A method for starting a node in a distributed file system having a plurality of nodes connected to a management server and a plurality of standby nodes,
The standby node waits in a state where power is not supplied,
The plurality of nodes and the plurality of standby nodes are divided into a plurality of networks,
Activating the standby node in the network where the failed node exists when the failed node exists in the plurality of nodes,
Calculate the disk usage rate of a plurality of nodes in each network and automatically start the standby node when the disk usage rate exceeds a predetermined threshold,
The disk usage rate of the entire system composed of the nodes of the plurality of networks is calculated, and when the disk usage rate exceeds a predetermined threshold, the standby node is automatically operated until the disk usage rate falls below the predetermined threshold. A node activation method in a distributed file system, characterized by:

In a distributed file system having a management server and a plurality of nodes connected to the management server,
Each of the nodes includes a startup node that is started during system operation and a standby node that is in a standby state in which power is not supplied.
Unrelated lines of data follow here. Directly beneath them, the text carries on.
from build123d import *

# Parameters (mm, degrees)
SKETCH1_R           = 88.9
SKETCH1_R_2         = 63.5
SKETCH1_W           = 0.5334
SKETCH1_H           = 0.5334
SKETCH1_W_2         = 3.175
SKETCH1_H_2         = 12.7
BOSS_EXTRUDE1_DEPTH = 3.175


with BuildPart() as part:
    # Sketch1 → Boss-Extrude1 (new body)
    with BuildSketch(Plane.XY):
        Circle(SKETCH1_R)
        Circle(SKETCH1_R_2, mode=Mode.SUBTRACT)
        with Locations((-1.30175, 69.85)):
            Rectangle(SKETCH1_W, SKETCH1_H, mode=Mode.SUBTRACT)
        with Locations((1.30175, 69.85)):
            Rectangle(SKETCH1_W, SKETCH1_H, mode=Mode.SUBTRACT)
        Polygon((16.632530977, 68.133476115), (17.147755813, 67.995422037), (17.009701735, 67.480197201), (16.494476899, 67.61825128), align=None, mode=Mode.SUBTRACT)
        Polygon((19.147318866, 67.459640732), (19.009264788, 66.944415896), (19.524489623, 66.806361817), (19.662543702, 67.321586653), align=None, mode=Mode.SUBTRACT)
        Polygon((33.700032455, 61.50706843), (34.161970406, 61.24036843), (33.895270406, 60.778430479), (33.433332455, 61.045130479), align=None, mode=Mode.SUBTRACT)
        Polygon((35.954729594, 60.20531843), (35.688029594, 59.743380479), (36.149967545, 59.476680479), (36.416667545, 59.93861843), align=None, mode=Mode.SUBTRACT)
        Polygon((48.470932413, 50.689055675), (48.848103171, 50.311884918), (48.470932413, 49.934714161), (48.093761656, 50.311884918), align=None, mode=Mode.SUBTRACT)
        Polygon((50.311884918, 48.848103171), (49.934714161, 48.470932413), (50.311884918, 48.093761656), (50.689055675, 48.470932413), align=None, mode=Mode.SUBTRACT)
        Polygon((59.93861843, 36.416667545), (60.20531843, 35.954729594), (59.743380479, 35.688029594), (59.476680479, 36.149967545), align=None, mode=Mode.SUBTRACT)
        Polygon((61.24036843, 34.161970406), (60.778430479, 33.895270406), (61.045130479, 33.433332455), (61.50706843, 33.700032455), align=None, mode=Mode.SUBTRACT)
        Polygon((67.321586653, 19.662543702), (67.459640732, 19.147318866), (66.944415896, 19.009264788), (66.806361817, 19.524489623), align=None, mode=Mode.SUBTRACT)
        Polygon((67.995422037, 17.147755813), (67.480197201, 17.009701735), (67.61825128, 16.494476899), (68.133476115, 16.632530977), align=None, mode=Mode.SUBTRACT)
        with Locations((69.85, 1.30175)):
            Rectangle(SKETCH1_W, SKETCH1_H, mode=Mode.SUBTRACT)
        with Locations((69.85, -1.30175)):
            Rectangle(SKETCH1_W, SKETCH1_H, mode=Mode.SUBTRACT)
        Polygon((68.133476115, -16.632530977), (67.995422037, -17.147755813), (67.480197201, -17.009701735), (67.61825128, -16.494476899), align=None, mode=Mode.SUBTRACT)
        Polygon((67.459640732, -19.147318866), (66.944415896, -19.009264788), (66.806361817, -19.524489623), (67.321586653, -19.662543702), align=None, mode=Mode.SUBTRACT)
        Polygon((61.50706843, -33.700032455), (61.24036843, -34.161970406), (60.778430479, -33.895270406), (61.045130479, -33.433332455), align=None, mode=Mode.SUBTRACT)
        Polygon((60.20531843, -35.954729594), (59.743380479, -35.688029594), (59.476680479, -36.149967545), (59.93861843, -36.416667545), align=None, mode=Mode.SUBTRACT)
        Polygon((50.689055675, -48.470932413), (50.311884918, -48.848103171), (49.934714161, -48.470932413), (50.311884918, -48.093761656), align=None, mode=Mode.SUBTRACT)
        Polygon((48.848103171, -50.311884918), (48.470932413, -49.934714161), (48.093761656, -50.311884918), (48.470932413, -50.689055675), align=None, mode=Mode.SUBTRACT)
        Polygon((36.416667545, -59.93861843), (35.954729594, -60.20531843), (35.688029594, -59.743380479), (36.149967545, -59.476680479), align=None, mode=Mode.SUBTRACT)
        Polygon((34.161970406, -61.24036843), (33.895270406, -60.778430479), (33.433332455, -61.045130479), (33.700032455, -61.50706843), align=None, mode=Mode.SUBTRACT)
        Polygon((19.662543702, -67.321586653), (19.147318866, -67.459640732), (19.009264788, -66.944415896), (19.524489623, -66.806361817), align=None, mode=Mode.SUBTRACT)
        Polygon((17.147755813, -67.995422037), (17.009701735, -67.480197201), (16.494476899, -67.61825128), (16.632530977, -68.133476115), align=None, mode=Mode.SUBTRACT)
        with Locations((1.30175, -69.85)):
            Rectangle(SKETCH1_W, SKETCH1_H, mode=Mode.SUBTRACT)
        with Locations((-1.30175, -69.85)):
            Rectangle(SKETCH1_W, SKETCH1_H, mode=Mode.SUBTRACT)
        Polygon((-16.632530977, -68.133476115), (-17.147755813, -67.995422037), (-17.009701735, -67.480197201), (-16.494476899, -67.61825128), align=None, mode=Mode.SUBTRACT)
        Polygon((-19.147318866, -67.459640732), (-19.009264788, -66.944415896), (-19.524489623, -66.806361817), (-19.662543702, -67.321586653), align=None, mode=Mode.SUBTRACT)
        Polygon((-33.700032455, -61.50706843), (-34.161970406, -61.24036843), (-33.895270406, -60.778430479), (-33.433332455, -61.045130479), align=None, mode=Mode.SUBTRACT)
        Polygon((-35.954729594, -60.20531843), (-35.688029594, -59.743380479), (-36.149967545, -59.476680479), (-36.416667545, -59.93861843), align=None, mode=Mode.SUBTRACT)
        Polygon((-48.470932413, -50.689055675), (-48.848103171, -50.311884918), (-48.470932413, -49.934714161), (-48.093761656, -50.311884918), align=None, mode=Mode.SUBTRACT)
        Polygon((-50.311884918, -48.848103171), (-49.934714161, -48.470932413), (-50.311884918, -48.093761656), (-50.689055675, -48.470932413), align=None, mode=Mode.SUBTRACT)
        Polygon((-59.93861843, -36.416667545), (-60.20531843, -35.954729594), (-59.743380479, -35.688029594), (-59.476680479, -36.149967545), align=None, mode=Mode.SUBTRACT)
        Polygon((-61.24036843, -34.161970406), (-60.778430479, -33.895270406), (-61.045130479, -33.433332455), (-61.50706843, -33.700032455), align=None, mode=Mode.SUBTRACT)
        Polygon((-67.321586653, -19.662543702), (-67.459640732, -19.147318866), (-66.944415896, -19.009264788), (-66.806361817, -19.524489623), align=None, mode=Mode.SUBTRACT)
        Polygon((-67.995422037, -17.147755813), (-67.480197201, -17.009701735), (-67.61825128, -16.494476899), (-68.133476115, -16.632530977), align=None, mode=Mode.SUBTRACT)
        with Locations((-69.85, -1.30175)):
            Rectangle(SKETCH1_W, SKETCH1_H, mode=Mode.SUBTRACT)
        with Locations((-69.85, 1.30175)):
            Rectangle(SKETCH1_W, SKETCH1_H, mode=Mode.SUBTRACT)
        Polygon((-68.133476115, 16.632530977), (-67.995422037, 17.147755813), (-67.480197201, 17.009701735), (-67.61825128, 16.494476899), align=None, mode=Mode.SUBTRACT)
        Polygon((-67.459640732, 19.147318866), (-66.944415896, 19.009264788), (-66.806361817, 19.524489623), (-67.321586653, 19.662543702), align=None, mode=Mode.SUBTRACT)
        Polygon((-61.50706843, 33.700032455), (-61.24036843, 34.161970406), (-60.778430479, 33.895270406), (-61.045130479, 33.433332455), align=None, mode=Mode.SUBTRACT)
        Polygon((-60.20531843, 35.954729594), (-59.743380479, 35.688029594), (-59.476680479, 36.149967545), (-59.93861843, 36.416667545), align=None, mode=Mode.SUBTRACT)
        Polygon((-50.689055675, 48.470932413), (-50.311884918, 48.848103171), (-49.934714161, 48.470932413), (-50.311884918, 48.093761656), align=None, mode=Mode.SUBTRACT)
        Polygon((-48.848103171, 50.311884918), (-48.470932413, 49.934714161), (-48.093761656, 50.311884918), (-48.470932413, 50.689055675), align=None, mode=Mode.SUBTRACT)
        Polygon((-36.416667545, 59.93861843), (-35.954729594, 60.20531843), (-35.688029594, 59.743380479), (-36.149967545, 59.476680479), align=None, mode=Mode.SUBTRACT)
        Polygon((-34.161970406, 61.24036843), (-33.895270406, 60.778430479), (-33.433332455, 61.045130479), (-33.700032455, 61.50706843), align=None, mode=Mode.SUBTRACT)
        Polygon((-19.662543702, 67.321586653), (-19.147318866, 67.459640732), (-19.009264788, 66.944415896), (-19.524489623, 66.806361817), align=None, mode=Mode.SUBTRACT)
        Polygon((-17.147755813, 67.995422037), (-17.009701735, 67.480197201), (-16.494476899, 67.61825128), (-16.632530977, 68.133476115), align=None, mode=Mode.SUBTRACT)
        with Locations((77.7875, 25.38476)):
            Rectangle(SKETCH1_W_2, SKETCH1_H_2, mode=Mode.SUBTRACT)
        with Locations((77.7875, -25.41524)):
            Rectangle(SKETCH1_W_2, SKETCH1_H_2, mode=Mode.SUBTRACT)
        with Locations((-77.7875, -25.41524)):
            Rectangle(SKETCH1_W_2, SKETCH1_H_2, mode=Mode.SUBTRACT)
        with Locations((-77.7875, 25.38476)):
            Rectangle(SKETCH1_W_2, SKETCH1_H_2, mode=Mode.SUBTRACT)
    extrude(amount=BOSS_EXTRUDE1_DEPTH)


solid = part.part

An information collection unit that calculates its own disk usage rate,
A node activation execution unit that activates itself from the standby state;
With
The management server
An information receiving unit for receiving disk usage rate information from each of the nodes;
A disk capacity management unit that calculates a system disk usage rate of the entire system configured by a plurality of nodes from the disk usage rate of each node received by the information receiving unit;
A node activation determination unit that selects, as an activation node, a standby node that is in a standby state among the nodes when the system disk usage rate exceeds a predetermined threshold;
A distributed file system comprising: a node activation command unit that transmits a node activation command to a node selected by the node activation determination unit.